Implementation and architecture
The bayesint package is freely available at GitHub (https://github.com/PublicHealthEngland/bayesint) and through the PyPI index of Python packages (pypi.org/project/bayesint). This manuscript concerns bayesint version 1.0.3, the package’s documentation will be updated if future versions have different requirements.
Quality control
bayesint is extensively tested in Python 2.7.14 and also functions in Python 3.5.5 and Python 3.6.6.
(2) Availability
Operating system
Any operating system where Python 2.7.14 or better or 3.5.5 or better with the dependencies enumerated below are installed. In practice this includes all three major operating systems (Linux/Unix, Windows 7 or better and Mac OS/OS X 10.6 or newer) together with a number of smaller platforms.
Programming language
Python 2.7.14, 3.5.5 and 3.6.6.
Additional system requirements
This software has no particularly unusual system requirements and should operate on any typical desktop machine produced in the last five years. The calculations are CPU bound so the greater the single thread performance of the machine the more swiftly the computations will complete.
Dependencies
bayesint uses the following Python packages which are installed when bayesint is installed:
- SymPy ≥ 1.1.1 [] A library for symbolic mathematics used to calculate the densities and distributions used in our credible intervals.

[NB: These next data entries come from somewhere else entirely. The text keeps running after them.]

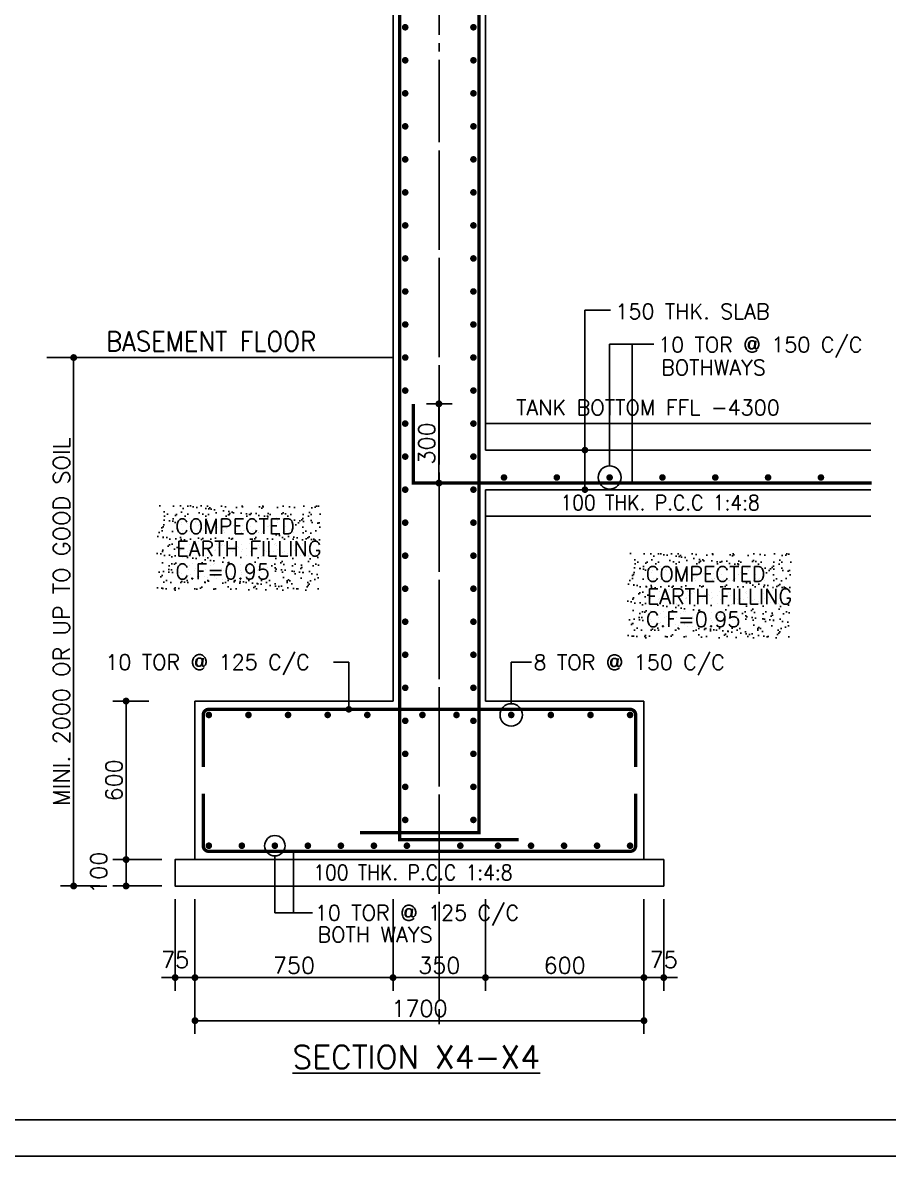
# Model space of a CAD drawing. Extents: x -200722 to 834823, y -494970 to 88783.
# Drawn here: x 502267 to 515377, y -183583 to -166420 of the extents above; entities that cross this region are included whole.
import ezdxf
from ezdxf.enums import TextEntityAlignment as Align

# ---------------------------------------------------------------- set-up
doc = ezdxf.new("R2010")
doc.units = 0
doc.header["$LTSCALE"] = 100
doc.header["$MEASUREMENT"] = 0
doc.header["$PDMODE"] = 34
doc.linetypes.add('ACAD_ISO04W100', pattern=[30, 24, -3, 0, -3])
doc.linetypes.add('CL', pattern=[3.25, 2.5, -0.25, 0.25, -0.25])
doc.layers.get('0').update_dxf_attribs({"linetype": 'CONTINUOUS'})
doc.layers.get('DEFPOINTS').update_dxf_attribs({"linetype": 'CONTINUOUS'})
for name, color, linetype in [('5', 4, 'CONTINUOUS'), ('A-Grid', 5, 'ACAD_ISO04W100'), ('BEAM', 4, 'CONTINUOUS'), ('HATCH WALL', 8, 'CONTINUOUS'), ('STEEL', 6, 'CONTINUOUS'), ('TEXT', 2, 'CONTINUOUS')]:
    doc.layers.add(name, color=color, linetype=linetype)
doc.layers.add('9_PRINT BOUNDARY_NON PRINT', color=32, linetype='CONTINUOUS', plot=False)
doc.layers.add('9_TITLE TEXT', color=7, linetype='CONTINUOUS', lineweight=20)
doc.styles.add('ROMANS', font='romans.shx')
doc.styles.get("Standard").update_dxf_attribs({"font": 'simplex.shx'})
doc.dimstyles.new('STANDARD$0', dxfattribs={"dimtxt": 2.5, "dimasz": 2.5, "dimexe": 2, "dimexo": 0.7, "dimgap": 0.9, "dimtad": 1, "dimdec": 0, "dimdsep": 46, "dimtxsty": 'ROMANS', "dimcen": 0.09, "dimclrd": 4, "dimclre": 4, "dimclrt": 3, "dimadec": 0, "dimazin": 0, "dimtfac": 1, "dimtdec": 0, "dimtmove": 0, "dimatfit": 3, "dimfxl": 1, "dimtolj": 1, "dimtzin": 0, "dimarcsym": 0})

# ---------------------------------------------------------------- blocks, each defined once
blk = doc.blocks.new('DOT')
at = {"color": 0, "linetype": 'ByBlock'}
blk.add_line((-0.5, 0), (-1, 0), dxfattribs=at)
at = {"color": 0, "linetype": 'ByBlock', "const_width": 0.5}
blk.add_lwpolyline([(-0.25, 0, 1), (0.25, 0, 1)], format="xyb", close=True, dxfattribs=at)
blk = doc.blocks.new('*D1308')
at = {"layer": 'BEAM', "color": 0, "lineweight": -2, "transparency": 16777216}
for p, q in [((503433, -171490), (502839, -171490)), ((503039, -179386), (503039, -171594)), ((503433, -179490), (502839, -179490))]:
    blk.add_line(p, q, dxfattribs=at)
at = {"layer": 'DEFPOINTS', "color": 0, "lineweight": -3, "transparency": 16777216}
for p in [(503039, -171490), (503633, -171490, 17104), (503633, -179490, 17104)]:
    blk.add_point(p, dxfattribs=at)
at = {"layer": 'BEAM', "color": 0, "lineweight": -2, "transparency": 16777216, "xscale": 104, "yscale": 104, "zscale": 104}
for p, rotation in [((503039, -171490), 90), ((503039, -179490), 270)]:
    blk.add_blockref('DOT', p, dxfattribs=dict(at, rotation=rotation))
at = {"layer": 'BEAM', "color": 0, "transparency": 16777216, "insert": (502855, -175490), "char_height": 248, "attachment_point": 5, "rotation": 90}
blk.add_mtext('\\A1;{\\C4;MINI. 2000 OR UP TO GOOD SOIL}', dxfattribs=at)
blk = doc.blocks.new('_DOT')
at = {"color": 0, "linetype": 'ByBlock'}
blk.add_line((-0.5, 0), (-1, 0), dxfattribs=at)
at = {"color": 0, "linetype": 'ByBlock', "const_width": 0.5}
blk.add_lwpolyline([(-0.25, 0, 1), (0.25, 0, 1)], format="xyb", close=True, dxfattribs=at)
blk = doc.blocks.new('*D1300')
at = {"layer": 'BEAM', "color": 0, "lineweight": -2, "transparency": 16777216}
for p, q in [((504376, -179090), (503633, -179090)), ((503833, -179386), (503833, -179194)), ((504376, -179490), (503633, -179490))]:
    blk.add_line(p, q, dxfattribs=at)
at = {"layer": 'DEFPOINTS', "color": 0, "lineweight": -3, "transparency": 16777216}
for p in [(503833, -179090), (504576, -179090), (504576, -179490)]:
    blk.add_point(p, dxfattribs=at)
at = {"layer": 'BEAM', "color": 0, "lineweight": -2, "transparency": 16777216, "xscale": 104, "yscale": 104, "zscale": 104}
for p, rotation in [((503833, -179090), 90), ((503833, -179490), 270)]:
    blk.add_blockref('DOT', p, dxfattribs=dict(at, rotation=rotation))
at = {"layer": 'BEAM', "color": 0, "transparency": 16777216, "insert": (503419, -179290), "char_height": 248, "attachment_point": 5, "rotation": 90}
blk.add_mtext('\\A1;100', dxfattribs=at)
blk = doc.blocks.new('*D1301')
at = {"layer": 'BEAM', "color": 0, "lineweight": -2, "transparency": 16777216}
for p, q in [((504576, -179690), (504576, -181077)), ((504876, -179690), (504876, -181077)), ((504472, -180877), (504368, -180877)), ((504576, -180877), (504876, -180877)), ((504980, -180877), (505084, -180877))]:
    blk.add_line(p, q, dxfattribs=at)
at = {"layer": 'DEFPOINTS', "color": 0, "lineweight": -3, "transparency": 16777216}
for p in [(504576, -179490), (504876, -179490), (504876, -180877)]:
    blk.add_point(p, dxfattribs=at)
at = {"layer": 'BEAM', "color": 0, "lineweight": -2, "transparency": 16777216, "xscale": 104, "yscale": 104, "zscale": 104}
blk.add_blockref('DOT', (504576, -180877), dxfattribs=at)
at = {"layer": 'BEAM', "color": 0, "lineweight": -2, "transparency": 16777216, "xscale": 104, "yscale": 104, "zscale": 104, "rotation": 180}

- SciPy ≥ 0.19.1 []. A library used for scientific computing used to obtain a χ2 distribution for testing and to minimise the functions considered in the credible intervals.
- NumPy ≥ 1.13.3 []. A library with high-level mathematical functions used for vectorising our SymPy function prior to minimisation.
- mpmath ≥ 0.19 []. A library for arbitrary floating point arithmetic used in the minimisation. It is loaded through SymPy.
Software location
Archive
- Name: PyPI
- Persistent identifier: pypi.org/project/bayesint
- Licence: Open Government Licence 3.0
- Publisher: Public Health England
- Version published: 1.0.3
- Date published: 11/04/2019
Code repository
- Name: GitHub
- Persistent identifier: github.com/PublicHealthEngland/bayesint
- Licence: Open Government Licence 3.0
- Date published: 11/04/2019
Language
English
(3) Reuse potential
We broadly outline the reuse potential of this software in the discussion section of this work but as a recapitulation this package permits the calculation of credible intervals wherever 2×2 type contingency table data appear in science. With the additional benefit that prior knowledge may be incorporated into this estimate in a truly Bayesian manner. Issues and feedback about the software can be provided by users through the GitHub issue logging system.